Siempre he sido muy tímida, prefiero pasar desapercibida y trato de ser lo más discreta posible para no llamar la atención. (Mezclado eso con cierta inseguridad, miedo al rechazo, qué se yo, no soy psicóloga como para anali... no esperen... ¡Si soy!) En fin, me cuesta mucho trabajo entablar conversaciones con desconocidos, si no lo hace la otra persona primero, lo más probable es que yo no lo haga.

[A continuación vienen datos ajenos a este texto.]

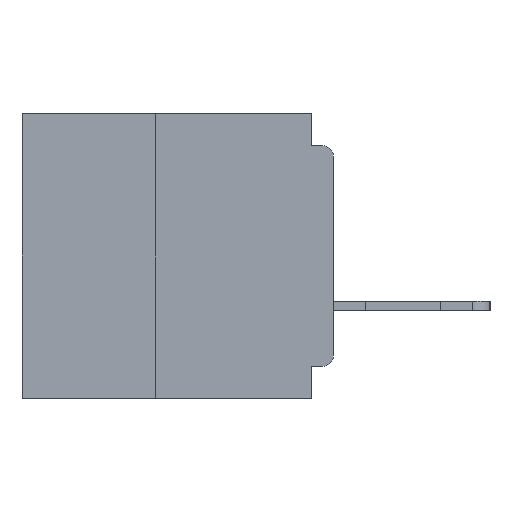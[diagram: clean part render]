
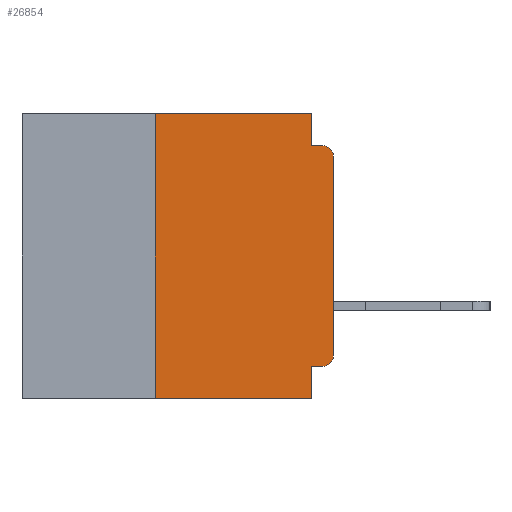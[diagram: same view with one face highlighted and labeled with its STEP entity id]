
A CAD part, left-side view. The second image highlights one B-rep face of the part: STEP entity #26854.
In plain terms, the highlighted planar face has unit normal (-1, 0, 0).
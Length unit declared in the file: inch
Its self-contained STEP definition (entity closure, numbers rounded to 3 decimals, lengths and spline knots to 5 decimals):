
#759 = FACE_OUTER_BOUND ( 'NONE', #15068, .T. ) ;
#4934 = DIRECTION ( 'NONE',  ( 1., 0., 0. ) ) ;
#5263 = VERTEX_POINT ( 'NONE', #14584 ) ;
#5722 = CARTESIAN_POINT ( 'NONE',  ( 0., 0., -0.06 ) ) ;
#6035 = ORIENTED_EDGE ( 'NONE', *, *, #44236, .F. ) ;
#6128 = VECTOR ( 'NONE', #6145, 39.37008 ) ;
#6145 = DIRECTION ( 'NONE',  ( 0., 0., -1. ) ) ;
#6384 = CARTESIAN_POINT ( 'NONE',  ( 0., 0.031, -0.4 ) ) ;
#7521 = LINE ( 'NONE', #41110, #6128 ) ;
#7827 = CARTESIAN_POINT ( 'NONE',  ( 0., 0.25, -0.4 ) ) ;
#8543 = ORIENTED_EDGE ( 'NONE', *, *, #15752, .T. ) ;
#10023 = VERTEX_POINT ( 'NONE', #41962 ) ;
#11284 = CARTESIAN_POINT ( 'NONE',  ( 0., 0.015, -0.045 ) ) ;
#12281 = DIRECTION ( 'NONE',  ( 0., 0., 1. ) ) ;
#12686 = AXIS2_PLACEMENT_3D ( 'NONE', #42210, #15919, #46626 ) ;
#13164 = VERTEX_POINT ( 'NONE', #19652 ) ;
#13642 = CARTESIAN_POINT ( 'NONE',  ( 0., 0.437, 0. ) ) ;
#14584 = CARTESIAN_POINT ( 'NONE',  ( 0., 0.25, -0.4 ) ) ;
#15054 = CIRCLE ( 'NONE', #12686, 0.015 ) ;
#15068 = EDGE_LOOP ( 'NONE', ( #41092, #8543, #20072, #19754, #16167, #23811, #25828, #6035, #18772, #39885 ) ) ;
#15069 = EDGE_CURVE ( 'NONE', #21304, #23577, #48703, .T. ) ;
#15752 = EDGE_CURVE ( 'NONE', #53998, #23577, #15054, .T. ) ;
#15919 = DIRECTION ( 'NONE',  ( -1., 0., 0. ) ) ;
#16167 = ORIENTED_EDGE ( 'NONE', *, *, #36842, .F. ) ;
#16750 = VERTEX_POINT ( 'NONE', #50017 ) ;
#17190 = LINE ( 'NONE', #39949, #41912 ) ;
#18294 = CARTESIAN_POINT ( 'NONE',  ( 0., 0.031, -0.4 ) ) ;
#18331 = LINE ( 'NONE', #18294, #34782 ) ;
#18772 = ORIENTED_EDGE ( 'NONE', *, *, #18859, .F. ) ;
#18859 = EDGE_CURVE ( 'NONE', #38720, #13164, #45014, .T. ) ;
#19238 = DIRECTION ( 'NONE',  ( 0., -1., 0. ) ) ;
#19652 = CARTESIAN_POINT ( 'NONE',  ( 0., 0.031, -0.355 ) ) ;
#19653 = VERTEX_POINT ( 'NONE', #44445 ) ;
#19754 = ORIENTED_EDGE ( 'NONE', *, *, #21807, .F. ) ;
#20072 = ORIENTED_EDGE ( 'NONE', *, *, #15069, .F. ) ;
#20157 = DIRECTION ( 'NONE',  ( -1., 0., 0. ) ) ;
#21304 = VERTEX_POINT ( 'NONE', #29069 ) ;
#21661 = VECTOR ( 'NONE', #39198, 39.37008 ) ;
#21807 = EDGE_CURVE ( 'NONE', #16750, #21304, #7521, .T. ) ;
#22723 = DIRECTION ( 'NONE',  ( 0., 0., -1. ) ) ;
#23577 = VERTEX_POINT ( 'NONE', #11284 ) ;
#23811 = ORIENTED_EDGE ( 'NONE', *, *, #50648, .F. ) ;
#25637 = AXIS2_PLACEMENT_3D ( 'NONE', #13642, #4934, #35698 ) ;
#25828 = ORIENTED_EDGE ( 'NONE', *, *, #27885, .T. ) ;
#26048 = VECTOR ( 'NONE', #35475, 39.37008 ) ;
#26653 = EDGE_CURVE ( 'NONE', #38720, #10023, #48183, .T. ) ;
#26854 = ADVANCED_FACE ( 'NONE', ( #759 ), #53187, .F. ) ;
#26919 = DIRECTION ( 'NONE',  ( 0., -1., 0. ) ) ;
#27860 = CARTESIAN_POINT ( 'NONE',  ( 0., 0., -0.045 ) ) ;
#27885 = EDGE_CURVE ( 'NONE', #5263, #36440, #39078, .T. ) ;
#29069 = CARTESIAN_POINT ( 'NONE',  ( 0., 0.031, -0.045 ) ) ;
#29660 = AXIS2_PLACEMENT_3D ( 'NONE', #46458, #20157, #50895 ) ;
#30962 = CARTESIAN_POINT ( 'NONE',  ( 0., 0.015, -0.355 ) ) ;
#32025 = CARTESIAN_POINT ( 'NONE',  ( 0., 0., 0. ) ) ;
#32671 = VECTOR ( 'NONE', #36405, 39.37008 ) ;
#34782 = VECTOR ( 'NONE', #22723, 39.37008 ) ;
#35475 = DIRECTION ( 'NONE',  ( 0., -1., 0. ) ) ;
#35698 = DIRECTION ( 'NONE',  ( 0., 0., -1. ) ) ;
#36405 = DIRECTION ( 'NONE',  ( 0., 0., 1. ) ) ;
#36440 = VERTEX_POINT ( 'NONE', #6384 ) ;
#36597 = VECTOR ( 'NONE', #12281, 39.37008 ) ;
#36842 = EDGE_CURVE ( 'NONE', #19653, #16750, #17190, .T. ) ;
#37980 = LINE ( 'NONE', #7827, #36597 ) ;
#38720 = VERTEX_POINT ( 'NONE', #30962 ) ;
#39078 = LINE ( 'NONE', #44337, #26048 ) ;
#39198 = DIRECTION ( 'NONE',  ( 0., 1., 0. ) ) ;
#39885 = ORIENTED_EDGE ( 'NONE', *, *, #26653, .T. ) ;
#39949 = CARTESIAN_POINT ( 'NONE',  ( 0., 0.437, 0. ) ) ;
#41092 = ORIENTED_EDGE ( 'NONE', *, *, #54618, .T. ) ;
#41110 = CARTESIAN_POINT ( 'NONE',  ( 0., 0.031, 0. ) ) ;
#41912 = VECTOR ( 'NONE', #26919, 39.37008 ) ;
#41962 = CARTESIAN_POINT ( 'NONE',  ( 0., 0., -0.34 ) ) ;
#42210 = CARTESIAN_POINT ( 'NONE',  ( 0., 0.015, -0.06 ) ) ;
#43644 = CARTESIAN_POINT ( 'NONE',  ( 0., 0., -0.355 ) ) ;
#44236 = EDGE_CURVE ( 'NONE', #13164, #36440, #18331, .T. ) ;
#44337 = CARTESIAN_POINT ( 'NONE',  ( 0., 0.437, -0.4 ) ) ;
#44370 = LINE ( 'NONE', #32025, #32671 ) ;
#44445 = CARTESIAN_POINT ( 'NONE',  ( 0., 0.25, 0. ) ) ;
#45014 = LINE ( 'NONE', #43644, #21661 ) ;
#46458 = CARTESIAN_POINT ( 'NONE',  ( 0., 0.015, -0.34 ) ) ;
#46626 = DIRECTION ( 'NONE',  ( 0., 0., -1. ) ) ;
#47303 = VECTOR ( 'NONE', #19238, 39.37008 ) ;
#48183 = CIRCLE ( 'NONE', #29660, 0.015 ) ;
#48703 = LINE ( 'NONE', #27860, #47303 ) ;
#50017 = CARTESIAN_POINT ( 'NONE',  ( 0., 0.031, 0. ) ) ;
#50648 = EDGE_CURVE ( 'NONE', #5263, #19653, #37980, .T. ) ;
#50895 = DIRECTION ( 'NONE',  ( 0., 0., -1. ) ) ;
#53187 = PLANE ( 'NONE',  #25637 ) ;
#53998 = VERTEX_POINT ( 'NONE', #5722 ) ;
#54618 = EDGE_CURVE ( 'NONE', #10023, #53998, #44370, .T. ) ;

Es muy frustrante por supuesto, porque me pasa con todo, incluso con cosas increíblemente simples y estúpidas como estar en la calle y ver a una chava que trae una bolsa chida y por dentro estar pensando "ya, me animo, yo voy y le pregunto dónde la compró, bueno, mejor no, ni es tan importante, bueno, pero a ti te interesa saber, va, voy y le pregunto y listo, total, pero qué verguenza, porque ni la conoces" mientras la chava, completamente ignorante de mi angustioso diálogo conmigo misma ya ha tomado el autobús y perdídose entre las calles de la ciudad.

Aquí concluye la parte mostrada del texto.